Du coup occasion sûrement ouais, j’en vois que sur leboncoin de temps en temps


----------



## RubenF (4 Juillet 2021)

Yes, j’ai failli en trouver deux pour un prix dérisoire, mais en réalité, je suis passé aux HomePod Mini et j’en suis conquis. Bon courage dans tes recherches.


----------



## batafan (4 Juillet 2021)

RubenF a dit:


> Yes, j’ai failli en trouver deux pour un prix dérisoire, mais en réalité, je suis passé aux HomePod Mini et j’en suis conquis. Bon courage dans tes recherches.
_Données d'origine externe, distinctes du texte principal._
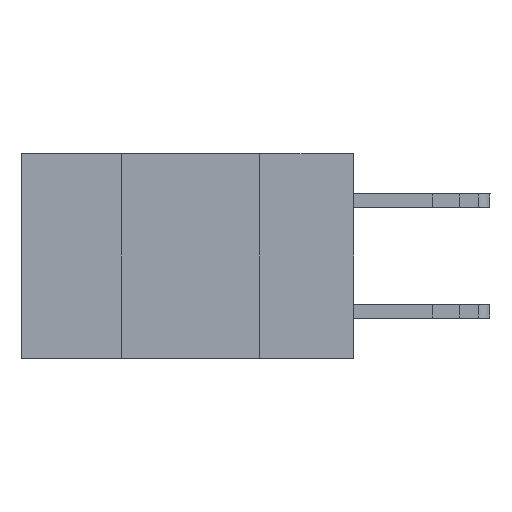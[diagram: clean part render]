
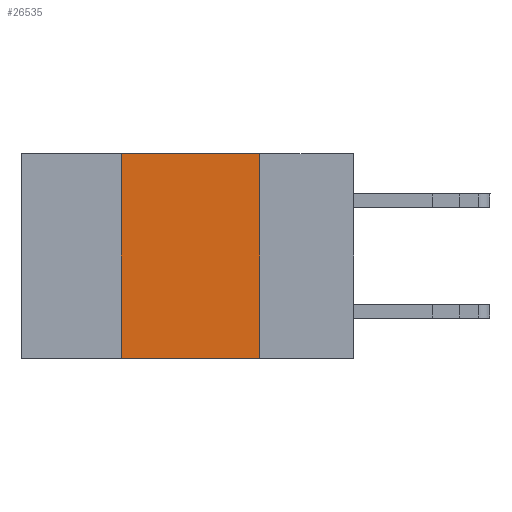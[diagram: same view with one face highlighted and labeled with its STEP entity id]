
A CAD part, left-side view. The second image highlights one B-rep face of the part: STEP entity #26535.
In plain terms, the highlighted planar face has unit normal (-1, 0, 0).
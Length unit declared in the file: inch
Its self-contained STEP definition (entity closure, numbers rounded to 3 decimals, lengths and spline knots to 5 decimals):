
#587 = LINE ( 'NONE', #3119, #30108 ) ;
#624 = ORIENTED_EDGE ( 'NONE', *, *, #3614, .F. ) ;
#2967 = CARTESIAN_POINT ( 'NONE',  ( 0., 0.17, -0.37 ) ) ;
#3119 = CARTESIAN_POINT ( 'NONE',  ( 0., 0.17, 0. ) ) ;
#3255 = CARTESIAN_POINT ( 'NONE',  ( 0., 0.42, 0. ) ) ;
#3614 = EDGE_CURVE ( 'NONE', #17246, #23064, #587, .T. ) ;
#6232 = CARTESIAN_POINT ( 'NONE',  ( 0., 0.6, 0. ) ) ;
#7184 = AXIS2_PLACEMENT_3D ( 'NONE', #6232, #22011, #26932 ) ;
#7410 = DIRECTION ( 'NONE',  ( 0., -1., 0. ) ) ;
#7697 = EDGE_CURVE ( 'NONE', #15297, #13822, #21243, .T. ) ;
#8451 = CARTESIAN_POINT ( 'NONE',  ( 0., 0.17, 0. ) ) ;
#10546 = VECTOR ( 'NONE', #13606, 39.37008 ) ;
#11214 = CARTESIAN_POINT ( 'NONE',  ( 0., 0.42, 0. ) ) ;
#11758 = EDGE_CURVE ( 'NONE', #15297, #23064, #17697, .T. ) ;
#12661 = LINE ( 'NONE', #15358, #25636 ) ;
#13391 = ORIENTED_EDGE ( 'NONE', *, *, #17508, .F. ) ;
#13606 = DIRECTION ( 'NONE',  ( 0., 0., 1. ) ) ;
#13822 = VERTEX_POINT ( 'NONE', #11214 ) ;
#14474 = ORIENTED_EDGE ( 'NONE', *, *, #7697, .F. ) ;
#15087 = CARTESIAN_POINT ( 'NONE',  ( 0., 0.42, -0.37 ) ) ;
#15297 = VERTEX_POINT ( 'NONE', #15087 ) ;
#15358 = CARTESIAN_POINT ( 'NONE',  ( 0., 0.6, 0. ) ) ;
#16673 = DIRECTION ( 'NONE',  ( 0., 0., -1. ) ) ;
#16745 = FACE_OUTER_BOUND ( 'NONE', #29290, .T. ) ;
#17246 = VERTEX_POINT ( 'NONE', #8451 ) ;
#17508 = EDGE_CURVE ( 'NONE', #13822, #17246, #12661, .T. ) ;
#17697 = LINE ( 'NONE', #17868, #31855 ) ;
#17868 = CARTESIAN_POINT ( 'NONE',  ( 0., 0.6, -0.37 ) ) ;
#18650 = ORIENTED_EDGE ( 'NONE', *, *, #11758, .T. ) ;
#21243 = LINE ( 'NONE', #3255, #10546 ) ;
#22011 = DIRECTION ( 'NONE',  ( 1., 0., 0. ) ) ;
#23064 = VERTEX_POINT ( 'NONE', #2967 ) ;
#25636 = VECTOR ( 'NONE', #7410, 39.37008 ) ;
#26535 = ADVANCED_FACE ( 'NONE', ( #16745 ), #29460, .F. ) ;
#26932 = DIRECTION ( 'NONE',  ( 0., 0., -1. ) ) ;
#28037 = DIRECTION ( 'NONE',  ( 0., -1., 0. ) ) ;
#29290 = EDGE_LOOP ( 'NONE', ( #624, #13391, #14474, #18650 ) ) ;
#29460 = PLANE ( 'NONE',  #7184 ) ;
#30108 = VECTOR ( 'NONE', #16673, 39.37008 ) ;
#31855 = VECTOR ( 'NONE', #28037, 39.37008 ) ;
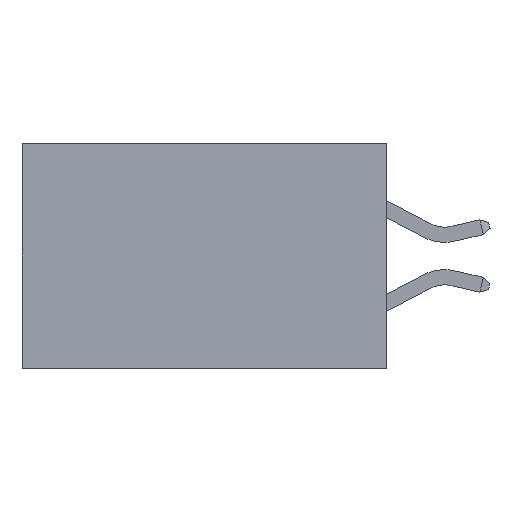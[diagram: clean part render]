
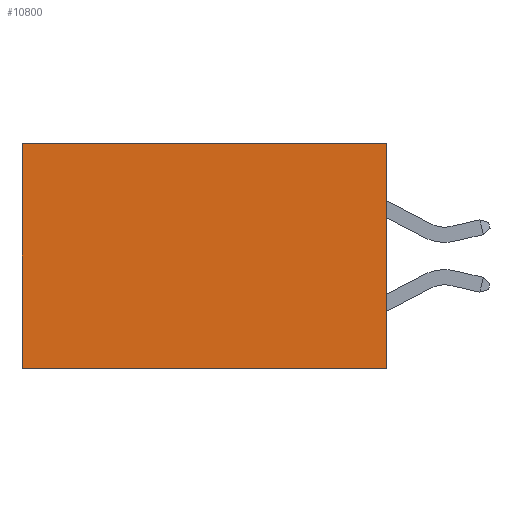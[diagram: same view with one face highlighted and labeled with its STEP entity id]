
A CAD part, left-side view. The second image highlights one B-rep face of the part: STEP entity #10800.
In plain terms, the highlighted planar face has unit normal (-1, 0, 0).
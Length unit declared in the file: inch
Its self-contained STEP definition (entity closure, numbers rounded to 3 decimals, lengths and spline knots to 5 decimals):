
#342 = LINE ( 'NONE', #7480, #11504 ) ;
#564 = FACE_OUTER_BOUND ( 'NONE', #11693, .T. ) ;
#2001 = DIRECTION ( 'NONE',  ( 0., 0., -1. ) ) ;
#2125 = CARTESIAN_POINT ( 'NONE',  ( 0.298, 0., 0. ) ) ;
#2235 = CARTESIAN_POINT ( 'NONE',  ( 0.298, 0.6, 0. ) ) ;
#2591 = CARTESIAN_POINT ( 'NONE',  ( 0.298, 0., 0. ) ) ;
#2619 = LINE ( 'NONE', #5116, #8215 ) ;
#3134 = VECTOR ( 'NONE', #12040, 39.37008 ) ;
#3189 = DIRECTION ( 'NONE',  ( 0., 0., -1. ) ) ;
#3321 = VERTEX_POINT ( 'NONE', #2235 ) ;
#3468 = LINE ( 'NONE', #5763, #3134 ) ;
#4122 = VECTOR ( 'NONE', #2001, 39.37008 ) ;
#4575 = ORIENTED_EDGE ( 'NONE', *, *, #11703, .T. ) ;
#5116 = CARTESIAN_POINT ( 'NONE',  ( 0.298, 0., -0.37 ) ) ;
#5363 = VERTEX_POINT ( 'NONE', #11408 ) ;
#5763 = CARTESIAN_POINT ( 'NONE',  ( 0.298, 0.6, 0. ) ) ;
#7361 = PLANE ( 'NONE',  #12105 ) ;
#7480 = CARTESIAN_POINT ( 'NONE',  ( 0.298, 0., 0. ) ) ;
#8215 = VECTOR ( 'NONE', #11417, 39.37008 ) ;
#9335 = CARTESIAN_POINT ( 'NONE',  ( 0.298, 0., 0. ) ) ;
#9401 = CARTESIAN_POINT ( 'NONE',  ( 0.298, 0., -0.37 ) ) ;
#9503 = DIRECTION ( 'NONE',  ( 1., 0., 0. ) ) ;
#9811 = EDGE_CURVE ( 'NONE', #3321, #5363, #3468, .T. ) ;
#9822 = VERTEX_POINT ( 'NONE', #2591 ) ;
#10037 = EDGE_CURVE ( 'NONE', #11509, #5363, #2619, .T. ) ;
#10090 = EDGE_CURVE ( 'NONE', #9822, #11509, #12492, .T. ) ;
#10800 = ADVANCED_FACE ( 'NONE', ( #564 ), #7361, .F. ) ;
#11027 = ORIENTED_EDGE ( 'NONE', *, *, #9811, .T. ) ;
#11408 = CARTESIAN_POINT ( 'NONE',  ( 0.298, 0.6, -0.37 ) ) ;
#11417 = DIRECTION ( 'NONE',  ( 0., 1., 0. ) ) ;
#11504 = VECTOR ( 'NONE', #12742, 39.37008 ) ;
#11509 = VERTEX_POINT ( 'NONE', #9401 ) ;
#11693 = EDGE_LOOP ( 'NONE', ( #11027, #12293, #12907, #4575 ) ) ;
#11703 = EDGE_CURVE ( 'NONE', #9822, #3321, #342, .T. ) ;
#12040 = DIRECTION ( 'NONE',  ( 0., 0., -1. ) ) ;
#12105 = AXIS2_PLACEMENT_3D ( 'NONE', #2125, #9503, #3189 ) ;
#12293 = ORIENTED_EDGE ( 'NONE', *, *, #10037, .F. ) ;
#12492 = LINE ( 'NONE', #9335, #4122 ) ;
#12742 = DIRECTION ( 'NONE',  ( 0., 1., 0. ) ) ;
#12907 = ORIENTED_EDGE ( 'NONE', *, *, #10090, .F. ) ;
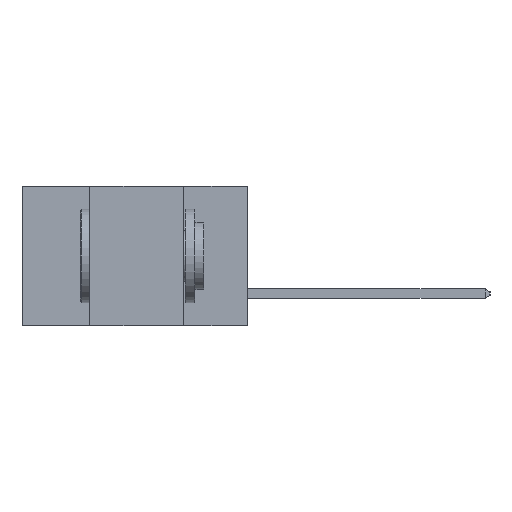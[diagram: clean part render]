
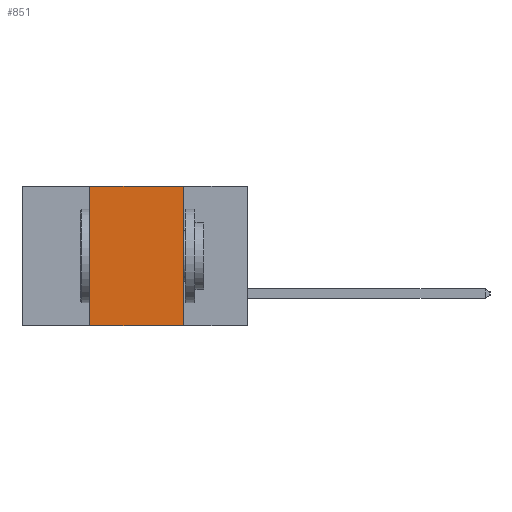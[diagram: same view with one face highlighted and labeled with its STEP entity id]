
A CAD part, left-side view. The second image highlights one B-rep face of the part: STEP entity #851.
In plain terms, the highlighted planar face has unit normal (-1, 0, 0).
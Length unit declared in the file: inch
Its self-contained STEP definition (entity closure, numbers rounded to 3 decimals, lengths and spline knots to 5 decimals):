
#38 = CARTESIAN_POINT ( 'NONE',  ( 0., 0.17, 0. ) ) ;
#127 = VECTOR ( 'NONE', #7701, 39.37008 ) ;
#300 = LINE ( 'NONE', #1098, #12258 ) ;
#519 = DIRECTION ( 'NONE',  ( 0., 0., -1. ) ) ;
#797 = PLANE ( 'NONE',  #10970 ) ;
#851 = ADVANCED_FACE ( 'NONE', ( #7728 ), #797, .F. ) ;
#949 = CARTESIAN_POINT ( 'NONE',  ( 0., 0.17, -0.37 ) ) ;
#1098 = CARTESIAN_POINT ( 'NONE',  ( 0., 0.42, -0.37 ) ) ;
#1099 = VERTEX_POINT ( 'NONE', #10331 ) ;
#1314 = VERTEX_POINT ( 'NONE', #6309 ) ;
#1332 = DIRECTION ( 'NONE',  ( 0., 0., 1. ) ) ;
#1702 = ORIENTED_EDGE ( 'NONE', *, *, #6598, .F. ) ;
#1833 = VERTEX_POINT ( 'NONE', #38 ) ;
#2035 = ORIENTED_EDGE ( 'NONE', *, *, #5276, .F. ) ;
#2270 = VECTOR ( 'NONE', #8154, 39.37008 ) ;
#2394 = VERTEX_POINT ( 'NONE', #7000 ) ;
#2571 = EDGE_LOOP ( 'NONE', ( #1702, #4436, #2035, #7337 ) ) ;
#3257 = EDGE_CURVE ( 'NONE', #1314, #2394, #7540, .T. ) ;
#4436 = ORIENTED_EDGE ( 'NONE', *, *, #5939, .F. ) ;
#5276 = EDGE_CURVE ( 'NONE', #1314, #1099, #300, .T. ) ;
#5690 = VECTOR ( 'NONE', #519, 39.37008 ) ;
#5939 = EDGE_CURVE ( 'NONE', #1099, #1833, #10282, .T. ) ;
#6309 = CARTESIAN_POINT ( 'NONE',  ( 0., 0.42, -0.37 ) ) ;
#6385 = CARTESIAN_POINT ( 'NONE',  ( 0., 0.6, 0. ) ) ;
#6598 = EDGE_CURVE ( 'NONE', #1833, #2394, #8511, .T. ) ;
#7000 = CARTESIAN_POINT ( 'NONE',  ( 0., 0.17, -0.37 ) ) ;
#7337 = ORIENTED_EDGE ( 'NONE', *, *, #3257, .T. ) ;
#7540 = LINE ( 'NONE', #9293, #2270 ) ;
#7701 = DIRECTION ( 'NONE',  ( 0., -1., 0. ) ) ;
#7728 = FACE_OUTER_BOUND ( 'NONE', #2571, .T. ) ;
#7870 = CARTESIAN_POINT ( 'NONE',  ( 0., 0.6, 0. ) ) ;
#8154 = DIRECTION ( 'NONE',  ( 0., -1., 0. ) ) ;
#8511 = LINE ( 'NONE', #949, #5690 ) ;
#9293 = CARTESIAN_POINT ( 'NONE',  ( 0., 0.6, -0.37 ) ) ;
#9984 = DIRECTION ( 'NONE',  ( 1., 0., 0. ) ) ;
#10282 = LINE ( 'NONE', #6385, #127 ) ;
#10331 = CARTESIAN_POINT ( 'NONE',  ( 0., 0.42, 0. ) ) ;
#10970 = AXIS2_PLACEMENT_3D ( 'NONE', #7870, #9984, #12420 ) ;
#12258 = VECTOR ( 'NONE', #1332, 39.37008 ) ;
#12420 = DIRECTION ( 'NONE',  ( 0., 0., -1. ) ) ;

C’est le principal alors, merci bien !


----------



## tnicolas02 (6 Juillet 2021)

Bonjour,

J'avais réussi à en acheter un reconditonné en noir sur https://asgoodasnew.fr/Enceintes-et-son/Apple/Apple-HomePod-gris-sideral.html, via la FNAC.
Cela me permet d'en avoir deux pour avoir la stéréo car j'en avais un seul.
Actuellement ils n'en ont plus en noir.
Mais en blanc oui :








						Apple HomePod blanc pas cher | asgoodasnew.fr
					

Apple HomePod blanc à partir de 375,00€ sur asgoodasnew.fr. Garantie 30 mois avec 30 jours de test.




					asgoodasnew.fr
				



Attention, il y a de nombreuses arnaques sur le bon coin en ce moment sur des homepod soit disant d'occasion récentes à des prix défiant toute concurrence (250 euros ...) car ils sont très demandés en ce moment. En vérité, ils n'existent pas, à part la demande de RIB pour arnaque ...
Il vaut mieux mettre un prix plus cher et être sur d'en avoir un ...
En tout cas très satisfait de ce site lors de mon dernier achat.


----------



## batafan (6 Juillet 2021)

tnicolas02 a dit:


> Bonjour,
> 
> J'avais réussi à en acheter un reconditonné en noir sur https://asgoodasnew.fr/Enceintes-et-son/Apple/Apple-HomePod-gris-sideral.html, via la FNAC.
> Cela me permet d'en avoir deux pour avoir la stéréo car j'en avais un seul.
> ...



Ah oui je connaissais pas ça a l’air pas mal effectivement


----------